CHAPTER 10

140 16 3
                                    

Keheningan menemani sunyinya malam yang terasa dingin. Wanita dengan surai merah muda sebahu yang kini sedikit lebih panjang itu, hanya bisa diam dan memperhatikan seseorang yang masih setia terpejam dalam damai.

Belum ada tanda-tanda orang itu akan sadar dalam waktu dekat. Tidak ada yang bisa dia lakukan selain duduk dan berharap. Tidur pun rasanya tidak nyenyak. Entah apa yang harus dia lakukan setelah tahu bagaimana kondisi lelaki itu saat ini.

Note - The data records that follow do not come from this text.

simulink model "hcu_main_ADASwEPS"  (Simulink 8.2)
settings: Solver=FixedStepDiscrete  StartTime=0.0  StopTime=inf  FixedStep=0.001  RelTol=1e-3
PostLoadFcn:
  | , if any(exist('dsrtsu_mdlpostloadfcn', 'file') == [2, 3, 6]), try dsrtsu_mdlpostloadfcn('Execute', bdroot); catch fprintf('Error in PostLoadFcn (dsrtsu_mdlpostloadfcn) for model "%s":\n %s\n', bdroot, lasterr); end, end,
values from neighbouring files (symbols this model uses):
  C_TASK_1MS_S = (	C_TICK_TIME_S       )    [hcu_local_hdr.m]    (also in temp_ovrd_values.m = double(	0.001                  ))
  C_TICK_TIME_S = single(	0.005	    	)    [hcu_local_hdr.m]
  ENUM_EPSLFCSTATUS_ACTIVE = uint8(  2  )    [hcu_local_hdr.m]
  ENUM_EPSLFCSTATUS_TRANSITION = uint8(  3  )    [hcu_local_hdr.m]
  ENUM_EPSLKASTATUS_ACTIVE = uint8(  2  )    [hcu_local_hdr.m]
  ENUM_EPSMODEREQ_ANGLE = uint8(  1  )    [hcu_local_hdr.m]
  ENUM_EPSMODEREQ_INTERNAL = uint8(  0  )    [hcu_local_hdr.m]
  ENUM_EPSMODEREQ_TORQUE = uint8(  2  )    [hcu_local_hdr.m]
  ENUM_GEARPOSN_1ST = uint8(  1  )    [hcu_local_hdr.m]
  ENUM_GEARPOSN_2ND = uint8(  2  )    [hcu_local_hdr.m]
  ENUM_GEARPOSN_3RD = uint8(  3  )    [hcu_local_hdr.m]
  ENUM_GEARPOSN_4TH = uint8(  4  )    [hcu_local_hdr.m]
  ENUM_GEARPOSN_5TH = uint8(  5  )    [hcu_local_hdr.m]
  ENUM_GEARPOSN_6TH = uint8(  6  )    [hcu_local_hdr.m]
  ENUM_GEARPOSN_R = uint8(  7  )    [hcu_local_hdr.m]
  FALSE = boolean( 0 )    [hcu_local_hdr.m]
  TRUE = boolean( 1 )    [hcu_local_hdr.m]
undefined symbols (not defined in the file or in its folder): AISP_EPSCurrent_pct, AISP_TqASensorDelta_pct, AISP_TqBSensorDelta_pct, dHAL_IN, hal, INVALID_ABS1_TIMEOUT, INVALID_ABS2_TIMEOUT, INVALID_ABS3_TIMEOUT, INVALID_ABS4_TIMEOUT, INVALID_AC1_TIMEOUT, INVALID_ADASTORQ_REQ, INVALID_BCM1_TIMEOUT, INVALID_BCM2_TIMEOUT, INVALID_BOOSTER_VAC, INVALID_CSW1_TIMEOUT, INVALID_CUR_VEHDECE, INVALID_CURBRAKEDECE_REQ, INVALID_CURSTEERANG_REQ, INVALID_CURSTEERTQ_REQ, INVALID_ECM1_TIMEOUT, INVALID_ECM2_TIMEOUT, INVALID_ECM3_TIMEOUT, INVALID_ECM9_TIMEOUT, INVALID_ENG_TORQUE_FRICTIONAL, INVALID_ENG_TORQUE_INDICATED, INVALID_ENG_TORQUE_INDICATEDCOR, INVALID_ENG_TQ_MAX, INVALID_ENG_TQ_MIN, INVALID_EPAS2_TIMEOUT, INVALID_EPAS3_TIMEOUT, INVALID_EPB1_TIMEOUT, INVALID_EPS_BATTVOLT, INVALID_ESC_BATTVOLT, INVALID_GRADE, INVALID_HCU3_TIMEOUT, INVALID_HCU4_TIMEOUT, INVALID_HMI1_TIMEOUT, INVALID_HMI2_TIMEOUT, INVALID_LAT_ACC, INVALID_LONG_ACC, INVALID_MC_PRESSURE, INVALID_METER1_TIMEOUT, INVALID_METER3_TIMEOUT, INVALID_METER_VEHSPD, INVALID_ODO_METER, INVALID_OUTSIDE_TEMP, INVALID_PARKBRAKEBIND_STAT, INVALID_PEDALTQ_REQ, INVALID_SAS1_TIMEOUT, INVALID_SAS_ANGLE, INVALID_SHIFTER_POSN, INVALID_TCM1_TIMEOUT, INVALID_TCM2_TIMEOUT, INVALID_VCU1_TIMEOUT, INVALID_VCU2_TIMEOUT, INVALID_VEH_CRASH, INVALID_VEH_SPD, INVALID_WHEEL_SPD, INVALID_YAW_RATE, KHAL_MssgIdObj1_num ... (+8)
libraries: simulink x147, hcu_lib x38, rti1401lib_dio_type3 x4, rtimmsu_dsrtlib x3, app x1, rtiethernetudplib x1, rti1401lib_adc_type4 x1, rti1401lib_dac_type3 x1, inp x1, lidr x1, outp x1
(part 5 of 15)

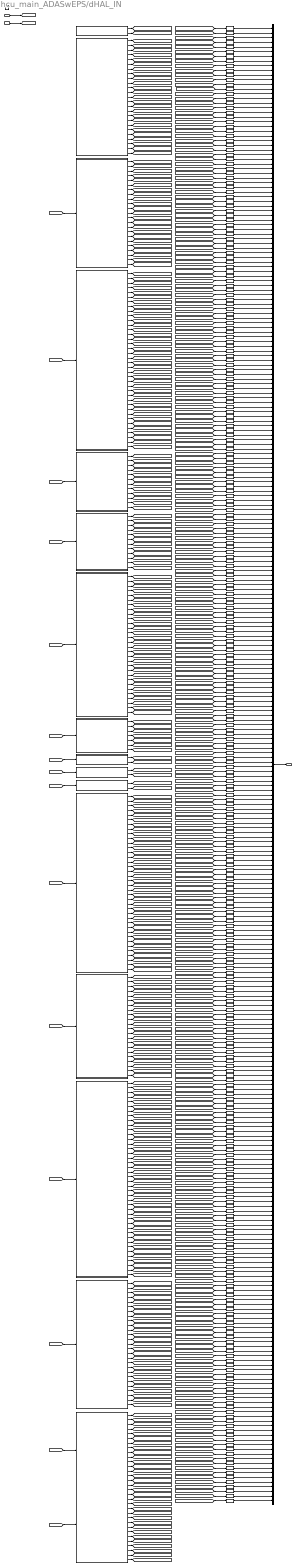
== system hcu_main_ADASwEPS/dHAL_IN ==
  CAN1_Rx : Inport
  CAN2_Rx : Inport  Port=2
  trig_dhal_in : TriggerPort  TriggerType=function-call
  ABS1RollCntCvt : DataTypeConversion  OutDataTypeStr=uint8  SaturateOnIntegerOverflow=on  RndMeth=Zero
  ABS2ChkSumValidCvt : DataTypeConversion  OutDataTypeStr=boolean  SaturateOnIntegerOverflow=on  RndMeth=Zero
  ABS2RollCntCvt : DataTypeConversion  OutDataTypeStr=uint8  SaturateOnIntegerOverflow=on  RndMeth=Zero
  ABSActiveCvt : DataTypeConversion  OutDataTypeStr=boolean  SaturateOnIntegerOverflow=on  RndMeth=Zero
  ABSFaultCvt : DataTypeConversion  OutDataTypeStr=boolean  SaturateOnIntegerOverflow=on  RndMeth=Zero
  ACCCancelHCvt : DataTypeConversion  OutDataTypeStr=boolean  SaturateOnIntegerOverflow=on  RndMeth=Zero
  ACCOnHCvt : DataTypeConversion  OutDataTypeStr=boolean  SaturateOnIntegerOverflow=on  RndMeth=Zero
  ACCOnVCUCvt : DataTypeConversion  OutDataTypeStr=boolean  SaturateOnIntegerOverflow=on  RndMeth=Zero
  ACCResSpdIncHCvt : DataTypeConversion  OutDataTypeStr=boolean  SaturateOnIntegerOverflow=on  RndMeth=Zero
  ACCResSpdIncVCUCvt : DataTypeConversion  OutDataTypeStr=boolean  SaturateOnIntegerOverflow=on  RndMeth=Zero
  ACCSetSpdDecHCvt : DataTypeConversion  OutDataTypeStr=boolean  SaturateOnIntegerOverflow=on  RndMeth=Zero
  ACCSetSpdDecVCUCvt : DataTypeConversion  OutDataTypeStr=boolean  SaturateOnIntegerOverflow=on  RndMeth=Zero
  ACCSpdDecHCvt : DataTypeConversion  OutDataTypeStr=boolean  SaturateOnIntegerOverflow=on  RndMeth=Zero
  ACCSpdIncHCvt : DataTypeConversion  OutDataTypeStr=boolean  SaturateOnIntegerOverflow=on  RndMeth=Zero
  ACCTimeGapDecHCvt : DataTypeConversion  OutDataTypeStr=boolean  SaturateOnIntegerOverflow=on  RndMeth=Zero
  ACCTimeGapDecVCUCvt : DataTypeConversion  OutDataTypeStr=boolean  SaturateOnIntegerOverflow=on  RndMeth=Zero
  ACCTimeGapIncHCvt : DataTypeConversion  OutDataTypeStr=boolean  SaturateOnIntegerOverflow=on  RndMeth=Zero
  ACCTimeGapIncVCUCvt : DataTypeConversion  OutDataTypeStr=boolean  SaturateOnIntegerOverflow=on  RndMeth=Zero
  ADCFaultCvt : DataTypeConversion  OutDataTypeStr=uint8  SaturateOnIntegerOverflow=on  RndMeth=Zero
  AEBEnableHCvt : DataTypeConversion  OutDataTypeStr=boolean  SaturateOnIntegerOverflow=on  RndMeth=Zero
  AccelPedalPosnCvt : DataTypeConversion  OutDataTypeStr=single  SaturateOnIntegerOverflow=on  RndMeth=Zero
  AccelPedalPosnInvalidCvt : DataTypeConversion  OutDataTypeStr=boolean  SaturateOnIntegerOverflow=on  RndMeth=Zero
  AckCurBrakDecReqApplableCvt : DataTypeConversion  OutDataTypeStr=boolean  SaturateOnIntegerOverflow=on  RndMeth=Zero
  AckCurBrakDecReqCvt : DataTypeConversion  OutDataTypeStr=single  SaturateOnIntegerOverflow=on  RndMeth=Zero
  AckCurBrakDecReqInvalidCvt : DataTypeConversion  OutDataTypeStr=boolean  SaturateOnIntegerOverflow=on  RndMeth=Zero
  AckCurPTTqReqApplableCvt : DataTypeConversion  OutDataTypeStr=boolean  SaturateOnIntegerOverflow=on  RndMeth=Zero
  AckCurPTTqReqCvt : DataTypeConversion  OutDataTypeStr=single  SaturateOnIntegerOverflow=on  RndMeth=Zero
  AckCurPTTqReqInvalidCvt : DataTypeConversion  OutDataTypeStr=boolean  SaturateOnIntegerOverflow=on  RndMeth=Zero
  AckCurStrAngReqApplableCvt : DataTypeConversion  OutDataTypeStr=boolean  SaturateOnIntegerOverflow=on  RndMeth=Zero
  AckCurStrAngReqCvt : DataTypeConversion  OutDataTypeStr=single  SaturateOnIntegerOverflow=on  RndMeth=Zero
  AckCurStrAngReqInvalidCvt : DataTypeConversion  OutDataTypeStr=boolean  SaturateOnIntegerOverflow=on  RndMeth=Zero
  AckCurStrTqReqApplableCvt : DataTypeConversion  OutDataTypeStr=boolean  SaturateOnIntegerOverflow=on  RndMeth=Zero
  AckCurStrTqReqCvt : DataTypeConversion  OutDataTypeStr=single  SaturateOnIntegerOverflow=on  RndMeth=Zero
  AckCurStrTqReqInvalidCvt : DataTypeConversion  OutDataTypeStr=boolean  SaturateOnIntegerOverflow=on  RndMeth=Zero
  AckCurVehDecCvt : DataTypeConversion  OutDataTypeStr=single  SaturateOnIntegerOverflow=on  RndMeth=Zero
  AckCurVehDecInvalidCvt : DataTypeConversion  OutDataTypeStr=boolean  SaturateOnIntegerOverflow=on  RndMeth=Zero
  AnyDoorOpenCvt : DataTypeConversion  OutDataTypeStr=boolean  SaturateOnIntegerOverflow=on  RndMeth=Zero
  AppTimeCvt : DataTypeConversion  OutDataTypeStr=single  SaturateOnIntegerOverflow=on  RndMeth=Zero
  BrakBoosterPresCvt : DataTypeConversion  OutDataTypeStr=single  SaturateOnIntegerOverflow=on  RndMeth=Zero
  BrakBoosterPresInvalidCvt : DataTypeConversion  OutDataTypeStr=boolean  SaturateOnIntegerOverflow=on  RndMeth=Zero
  BrkLampOnCvt : DataTypeConversion  OutDataTypeStr=boolean  SaturateOnIntegerOverflow=on  RndMeth=Zero
  BrkLampSigInvalidCvt : DataTypeConversion  OutDataTypeStr=boolean  SaturateOnIntegerOverflow=on  RndMeth=Zero
  BuzzerSwOnFltOpenCircuitCvt : DataTypeConversion  OutDataTypeStr=uint8  SaturateOnIntegerOverflow=on  RndMeth=Zero
  BuzzerSwOnFltShortHighCvt : DataTypeConversion  OutDataTypeStr=uint8  SaturateOnIntegerOverflow=on  RndMeth=Zero
  BuzzerSwOnFltShortLowCvt : DataTypeConversion  OutDataTypeStr=uint8  SaturateOnIntegerOverflow=on  RndMeth=Zero
  CANMsgValidABS1Cvt : DataTypeConversion  OutDataTypeStr=boolean  SaturateOnIntegerOverflow=on  RndMeth=Zero
  CANMsgValidABS2Cvt : DataTypeConversion  OutDataTypeStr=boolean  SaturateOnIntegerOverflow=on  RndMeth=Zero
  CANMsgValidABS3Cvt : DataTypeConversion  OutDataTypeStr=boolean  SaturateOnIntegerOverflow=on  RndMeth=Zero
  CANMsgValidABS4Cvt : DataTypeConversion  OutDataTypeStr=boolean  SaturateOnIntegerOverflow=on  RndMeth=Zero
  CANMsgValidAC1Cvt : DataTypeConversion  OutDataTypeStr=boolean  SaturateOnIntegerOverflow=on  RndMeth=Zero
  CANMsgValidBCM1Cvt : DataTypeConversion  OutDataTypeStr=boolean  SaturateOnIntegerOverflow=on  RndMeth=Zero
  CANMsgValidBCM2Cvt : DataTypeConversion  OutDataTypeStr=boolean  SaturateOnIntegerOverflow=on  RndMeth=Zero
  CANMsgValidECM1Cvt : DataTypeConversion  OutDataTypeStr=boolean  SaturateOnIntegerOverflow=on  RndMeth=Zero
  CANMsgValidECM2Cvt : DataTypeConversion  OutDataTypeStr=boolean  SaturateOnIntegerOverflow=on  RndMeth=Zero
  CANMsgValidECM3Cvt : DataTypeConversion  OutDataTypeStr=boolean  SaturateOnIntegerOverflow=on  RndMeth=Zero
  CANMsgValidECM9Cvt : DataTypeConversion  OutDataTypeStr=boolean  SaturateOnIntegerOverflow=on  RndMeth=Zero
  CANMsgValidEPAS1Cvt : DataTypeConversion  OutDataTypeStr=boolean  SaturateOnIntegerOverflow=on  RndMeth=Zero
  CANMsgValidEPAS2Cvt : DataTypeConversion  OutDataTypeStr=boolean  SaturateOnIntegerOverflow=on  RndMeth=Zero
  CANMsgValidEPAS3Cvt : DataTypeConversion  OutDataTypeStr=boolean  SaturateOnIntegerOverflow=on  RndMeth=Zero
  CANMsgValidEPB1Cvt : DataTypeConversion  OutDataTypeStr=boolean  SaturateOnIntegerOverflow=on  RndMeth=Zero
  CANMsgValidEPB1Cvt1 : DataTypeConversion  OutDataTypeStr=boolean  SaturateOnIntegerOverflow=on  RndMeth=Zero
  CANMsgValidEPM1Cvt : DataTypeConversion  OutDataTypeStr=boolean  SaturateOnIntegerOverflow=on  RndMeth=Zero
  CANMsgValidEPM2Cvt : DataTypeConversion  OutDataTypeStr=boolean  SaturateOnIntegerOverflow=on  RndMeth=Zero
  CANMsgValidEPM3Cvt : DataTypeConversion  OutDataTypeStr=boolean  SaturateOnIntegerOverflow=on  RndMeth=Zero
  CANMsgValidEPM4Cvt : DataTypeConversion  OutDataTypeStr=boolean  SaturateOnIntegerOverflow=on  RndMeth=Zero
  CANMsgValidEPM4Cvt1 : DataTypeConversion  OutDataTypeStr=boolean  SaturateOnIntegerOverflow=on  RndMeth=Zero
  CANMsgValidHCU3Cvt : DataTypeConversion  OutDataTypeStr=boolean  SaturateOnIntegerOverflow=on  RndMeth=Zero
  CANMsgValidHCU4Cvt : DataTypeConversion  OutDataTypeStr=boolean  SaturateOnIntegerOverflow=on  RndMeth=Zero
  CANMsgValidHMI1Cvt : DataTypeConversion  OutDataTypeStr=boolean  SaturateOnIntegerOverflow=on  RndMeth=Zero
  CANMsgValidHMI2Cvt : DataTypeConversion  OutDataTypeStr=boolean  SaturateOnIntegerOverflow=on  RndMeth=Zero
  CANMsgValidMETER1Cvt : DataTypeConversion  OutDataTypeStr=boolean  SaturateOnIntegerOverflow=on  RndMeth=Zero
  CANMsgValidMETER3Cvt : DataTypeConversion  OutDataTypeStr=boolean  SaturateOnIntegerOverflow=on  RndMeth=Zero
  CANMsgValidSAS1Cvt : DataTypeConversion  OutDataTypeStr=boolean  SaturateOnIntegerOverflow=on  RndMeth=Zero
  CANMsgValidTCM1Cvt : DataTypeConversion  OutDataTypeStr=boolean  SaturateOnIntegerOverflow=on  RndMeth=Zero
  CANMsgValidTCM2Cvt : DataTypeConversion  OutDataTypeStr=boolean  SaturateOnIntegerOverflow=on  RndMeth=Zero
  CANMsgValidVCU1Cvt : DataTypeConversion  OutDataTypeStr=boolean  SaturateOnIntegerOverflow=on  RndMeth=Zero
  CANMsgValidVCU2Cvt : DataTypeConversion  OutDataTypeStr=boolean  SaturateOnIntegerOverflow=on  RndMeth=Zero
  CSCEnableHCvt : DataTypeConversion  OutDataTypeStr=boolean  SaturateOnIntegerOverflow=on  RndMeth=Zero
  CurDriverTqReqCvt : DataTypeConversion  OutDataTypeStr=single  SaturateOnIntegerOverflow=on  RndMeth=Zero
  CurDriverTqReqInvalidCvt : DataTypeConversion  OutDataTypeStr=boolean  SaturateOnIntegerOverflow=on  RndMeth=Zero
  CurDriverTqReqInvalidCvt1 : DataTypeConversion  OutDataTypeStr=uint8  SaturateOnIntegerOverflow=on  RndMeth=Zero
  DeceContManagCvt : DataTypeConversion  OutDataTypeStr=boolean  SaturateOnIntegerOverflow=on  RndMeth=Zero
  DefMaxACCSetSpeedCvt : DataTypeConversion  OutDataTypeStr=single  SaturateOnIntegerOverflow=on  RndMeth=Zero
  DriverBrakPedalOnCvt : DataTypeConversion  OutDataTypeStr=boolean  SaturateOnIntegerOverflow=on  RndMeth=Zero
  DriverBrakPedalOnCvt1 : DataTypeConversion  OutDataTypeStr=boolean  SaturateOnIntegerOverflow=on  RndMeth=Zero
  DriverDoorOpenCvt : DataTypeConversion  OutDataTypeStr=boolean  SaturateOnIntegerOverflow=on  RndMeth=Zero
  DriverModeCvt : DataTypeConversion  OutDataTypeStr=uint8  SaturateOnIntegerOverflow=on  RndMeth=Zero
  EBDFaultCvt : DataTypeConversion  OutDataTypeStr=boolean  SaturateOnIntegerOverflow=on  RndMeth=Zero
  ECM9RollCntCvt : DataTypeConversion  OutDataTypeStr=uint8  SaturateOnIntegerOverflow=on  RndMeth=Zero
  ECMExtnTqAvailableCvt : DataTypeConversion  OutDataTypeStr=boolean  SaturateOnIntegerOverflow=on  RndMeth=Zero
  ECMPermMaxTqIndCvt : DataTypeConversion  OutDataTypeStr=boolean  SaturateOnIntegerOverflow=on  RndMeth=Zero
  ECMTqSourceCvt : DataTypeConversion  OutDataTypeStr=uint8  SaturateOnIntegerOverflow=on  RndMeth=Zero
  EEPROMFaultCvt : DataTypeConversion  OutDataTypeStr=uint8  SaturateOnIntegerOverflow=on  RndMeth=Zero
  EMSHybridOpStateCvt : DataTypeConversion  OutDataTypeStr=uint8  SaturateOnIntegerOverflow=on  RndMeth=Zero
  EMSOpStateCvt : DataTypeConversion  OutDataTypeStr=uint8  SaturateOnIntegerOverflow=on  RndMeth=Zero
  EPAS2ChkSumValidCvt : DataTypeConversion  OutDataTypeStr=boolean  SaturateOnIntegerOverflow=on  RndMeth=Zero
  EPAS2RollCntCvt : DataTypeConversion  OutDataTypeStr=uint8  SaturateOnIntegerOverflow=on  RndMeth=Zero
  EPAS3ChkSumValidCvt : DataTypeConversion  OutDataTypeStr=boolean  SaturateOnIntegerOverflow=on  RndMeth=Zero
  EPAS3RollCntCvt{,2..4} (4 alike) : DataTypeConversion  OutDataTypeStr=uint8  SaturateOnIntegerOverflow=on  RndMeth=Zero
  EPASMILReqCvt : DataTypeConversion  OutDataTypeStr=boolean  SaturateOnIntegerOverflow=on  RndMeth=Zero
  EPSBattVoltCvt : DataTypeConversion  OutDataTypeStr=single  SaturateOnIntegerOverflow=on  RndMeth=Zero
  EPSBattVoltInvalidCvt : DataTypeConversion  OutDataTypeStr=boolean  SaturateOnIntegerOverflow=on  RndMeth=Zero
  EPSElectPWRCvt : DataTypeConversion  OutDataTypeStr=single  SaturateOnIntegerOverflow=on  RndMeth=Zero
  EPSFailedCvt : DataTypeConversion  OutDataTypeStr=boolean  SaturateOnIntegerOverflow=on  RndMeth=Zero
  ESCActiveCvt : DataTypeConversion  OutDataTypeStr=boolean  SaturateOnIntegerOverflow=on  RndMeth=Zero
  ESCBattVoltCvt : DataTypeConversion  OutDataTypeStr=single  SaturateOnIntegerOverflow=on  RndMeth=Zero
  ESCBattVoltInvalidCvt : DataTypeConversion  OutDataTypeStr=boolean  SaturateOnIntegerOverflow=on  RndMeth=Zero
  ESCBrakeStatusCvt : DataTypeConversion  OutDataTypeStr=uint8  SaturateOnIntegerOverflow=on  RndMeth=Zero
  ESCExtnBrkAvailableCvt : DataTypeConversion  OutDataTypeStr=boolean  SaturateOnIntegerOverflow=on  RndMeth=Zero
  ESCFaultCvt : DataTypeConversion  OutDataTypeStr=boolean  SaturateOnIntegerOverflow=on  RndMeth=Zero
  EffAccelPedalPosnCvt : DataTypeConversion  OutDataTypeStr=single  SaturateOnIntegerOverflow=on  RndMeth=Zero
  EffAccelPedalPosnInvalidCvt : DataTypeConversion  OutDataTypeStr=boolean  SaturateOnIntegerOverflow=on  RndMeth=Zero
  EngHoodOpenCvt : DataTypeConversion  OutDataTypeStr=boolean  SaturateOnIntegerOverflow=on  RndMeth=Zero
  EngRunningCvt : DataTypeConversion  OutDataTypeStr=boolean  SaturateOnIntegerOverflow=on  RndMeth=Zero
  EngRunningCvt1 : DataTypeConversion  OutDataTypeStr=boolean  SaturateOnIntegerOverflow=on  RndMeth=Zero
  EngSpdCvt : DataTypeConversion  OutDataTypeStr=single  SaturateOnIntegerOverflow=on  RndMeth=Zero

Tubuh yang dulu terlihat tegap dan berwibawa itu kini terbaring lemah di hadapannya. Dan tanpa seorang pun peduli padanya. Sebegitu kejam kah dunia ini padanya?

Tangan yang dahulu pernah memeluknya, memberikan kehangatan yang hampir serupa dengan orang terkasih, kini terlihat memilukan dengan berbagai selang berisi cairan yang entah akan membantu atau tidak. Dia pun tidak mengerti mengapa hatinya terasa begitu sakit melihat pemandangan ini.

Semua yang dokter katakan entah kenapa terdengar lebih mengerikan dibandingkan dengan kabar kematian Izuna kala itu. Dia takut. Sakura takut akan kemungkinan terburuk yang telah ia dengar beberapa waktu lalu. Dan fakta bahwa Sasuke bahkan tidak pernah merasakan kebahagiaan selama ini.

Lelaki itu tersiksa, namun berusaha terlihat baik-baik saja meski mungkin jiwanya sudah tak lagi mampu merasakan mana kebahagiaan yang sesungguhnya.

"Maafkan aku," berusaha menahan air mata pun percuma ia lakukan. Dadanya terlalu sesak dan lelah. Biarkan dia menangis untuk malam ini, menyesali semua perlakuan yang telah ia berikan pada sang suami yang tidak pernah melakukan kesalahan padanya. "Maafkan aku. Kumohon sadarlah."

Semakin erat genggaman tangannya, semakin dalam pula ia menundukkan kepala dan membiarkan air mata itu terus mengalir membasahi pakaian yang telah ia ganti. Menyalahkan dirinya sendiri dan menyesal.

****

Pandangannya masih samar seiring kelopak mata yang kian terbuka lebar. Pemandangan pertama yang dia lihat hanya langit-langit kamar yang tidak terlalu asing baginya. Dan rasa sakit di kepala serta beberapa bagian tubuhnya yang tak luput dia rasakan.

Terdiam selama beberapa saat, meresapi setiap oksigen yang masuk ke dalam paru-parunya. Setidaknya dia harus bersyukur karena masih bisa menghirup oksigen sedikit lebih lama. Entah kapan sensasi ini akan berhenti dan tidak pernah bisa ia rasakan lagi.

Mengedarkan pandangan ke segala arah, dia tidak mendapati siapa pun di ruangan ini. Sedikit rasa lega melingkupinya karena tidak mendapati eksistensi Sakura di sana. Mengingat terakhir kali dia bertemu wanita itu sebelum tak sadarkan diri. Dia lebih senang sendiri dan tidak membebani orang lain dalam kondisi seperti ini.

Menerawang keluar jendela yang sedikit basah dia kembali teringat pada gadis kecil yang ia temani waktu itu. Bagaimana kabarnya sekarang? Bagaimana kondisinya saat ini? Apakah pengobatannya berjalan lancar? Dan berbagai pertanyaan lain yang ingin dia sampaikan pada dokter atau mungkin perawat nanti.

Pada akhirnya dia kembali termenung dan diam, tertelan dalam rasa takut yang tiba-tiba menghampirinya. Bohong jika dia selama ini tidak takut dengan kematian. Dia takut jika tidak ada seorang pun di sampingnya ketika hal itu terjadi. Meski dia sudah terbiasa sendiri, dalam sunyi pun ketakutan itu pasti akan hadir. Sama seperti mimpinya selama ini yang belum bisa ia atasi sampai sekarang.

Pintu ruangan itu terbuka perlahan, dan menampilkan sosok perempuan dengan balutan pakaian sederhana. Lelaki yang masih terbaring itu tidak menampilkan perubahan apa pun selain matanya yang terbuka dan nampak sayu. Seketika perempuan yang baru saja tiba itu, langsung melangkah mendekat dengan debaran haru yang menyelemuti.

Langkah kakinya kian mendekat meski tatapan sang pria belum beralih padanya. Tidak dimungkiri bahwa Sakura benar-benar merasa lega saat ini. Setelah dua hari tidak sadarkan diri, akhirnya Sasuke membuka mata dan terlihat lebih baik.